Cathie Wood’s ARKK ETF Passes JP Morgan For Largest Active ETF
Sun, 12/13/2020 – 20:10
No sooner did we just write about ARK Invest’s Cathie Wood involuntarily losing majority control of her own firm than it has been revealed that her firm – known for its massively outsized investments in Tesla (and numerous other tech companies that are vastly overpriced and incapable of generating consistent cash) has now surpassed JP Morgan “for the largest actively managed exchange-traded fund.”
According to Bloomberg, the ARK Innovation ETF (ARKK) saw a record inflow of $275 million on Thursday that helped boost it to just under $16 billion in total assets. This surpasses the $15.2 billion JPMorgan Ultra-Short Income ETF (JPST).
The firm is just one of the financial assets that the everyday working-man doesn’t even know exists, yet was the major beneficiary of a “rising tide” created by the Fed injecting trillions of dollars of liquidity (colloquially known as QE Infinity) that caused a massive boom in tech stocks off their lows in March.
The ARKK ETF, which has a
insane strategic 10% weighting in Tesla, is up 150% year-to-date. Tesla is up 650% this year, totally not as a result of Softbank and Goldman Sachs options buying schemes and definitely as a result of their super-duper financials, we’re sure.
This outperformance comes from the same visionary who, back in November, was delivered notice from Resolute Management Investors that they would be taking control of her firm due to an option in a deal Wood had negotiated back in 2016.
The question for ARK is how long can it defy gravity AND history, which is littered with supernovas like $ARKK a la The CMG Focus Fund, which shot up 900%, got $8b aum, only to drop 50% in ’08, now only $300m (despite bounce back & lifetime perf > SPX). Once bitten twice shy.. pic.twitter.com/7z1SsM5A4K
— Eric Balchunas (@EricBalchunas) December 9, 2020
The power shift, which Pensions & Investments notes isn’t especially amicable, came due to a 2016 agreement between Resolute and ARK, where RIM acquired a minority stake in the investment manager – with a call option “to purchase a controlling voting and equity interest in (ARK) that is exercisable in 2021.”
While the financial terms of the deal had not been made available, ARK’s founder, CEO and CIO, Wood, who currently owns 50% to 75% of the firm, didn’t seem happy with RIM’s decision.
Wood said in a statement: “On behalf of the employee-owners of ARK, we are disappointed that Resolute Investment Managers and its private equity owner, Kelso & Co., have chosen to issue this unwelcome notice that they intend to seize control of our business.”
“As reported by Morningstar, ARK has delivered top one-percentile returns for multiple products over one-, three- and five-year periods. Thanks to our research and investing success, paired with our innovative digital marketing strategies, ARK now ranks among the largest ETF issuers in the U.S.,” Wood continued.

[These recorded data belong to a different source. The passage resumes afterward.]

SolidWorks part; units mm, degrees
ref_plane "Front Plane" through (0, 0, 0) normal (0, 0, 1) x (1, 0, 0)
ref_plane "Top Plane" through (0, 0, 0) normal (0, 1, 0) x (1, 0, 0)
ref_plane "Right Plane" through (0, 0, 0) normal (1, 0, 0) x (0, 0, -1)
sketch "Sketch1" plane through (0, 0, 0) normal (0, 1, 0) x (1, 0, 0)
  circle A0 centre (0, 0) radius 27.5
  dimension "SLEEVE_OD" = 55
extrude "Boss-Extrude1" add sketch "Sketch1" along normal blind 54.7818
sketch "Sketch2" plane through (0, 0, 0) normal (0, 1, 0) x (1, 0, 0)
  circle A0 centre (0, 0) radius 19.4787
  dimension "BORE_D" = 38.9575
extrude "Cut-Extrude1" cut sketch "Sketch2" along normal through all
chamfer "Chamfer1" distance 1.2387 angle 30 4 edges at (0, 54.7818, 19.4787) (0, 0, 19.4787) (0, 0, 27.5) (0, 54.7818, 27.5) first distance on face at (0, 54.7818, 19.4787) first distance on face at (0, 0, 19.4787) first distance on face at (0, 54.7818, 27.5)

She concluded: “The remarkable success of our team is rooted firmly in a culture of transparency, collaboration, and employee ownership. We do not believe that equity ownership by a party tangential to our business is in the best interest of ARK’s stakeholders.”
As we said last month: “Regardless, the deal may actually be a blessing in disguise for Wood, who is likely going to receive a large payday and gets a chance to potentially exit on top – with the added bonus of a scapegoat to blame any future implosion by the firm on.”
And hey, we were going to congratulate Cathie on passing J.P. Morgan, but we guess what we meant to say was, “Congratulations, Resolute Investment Managers!”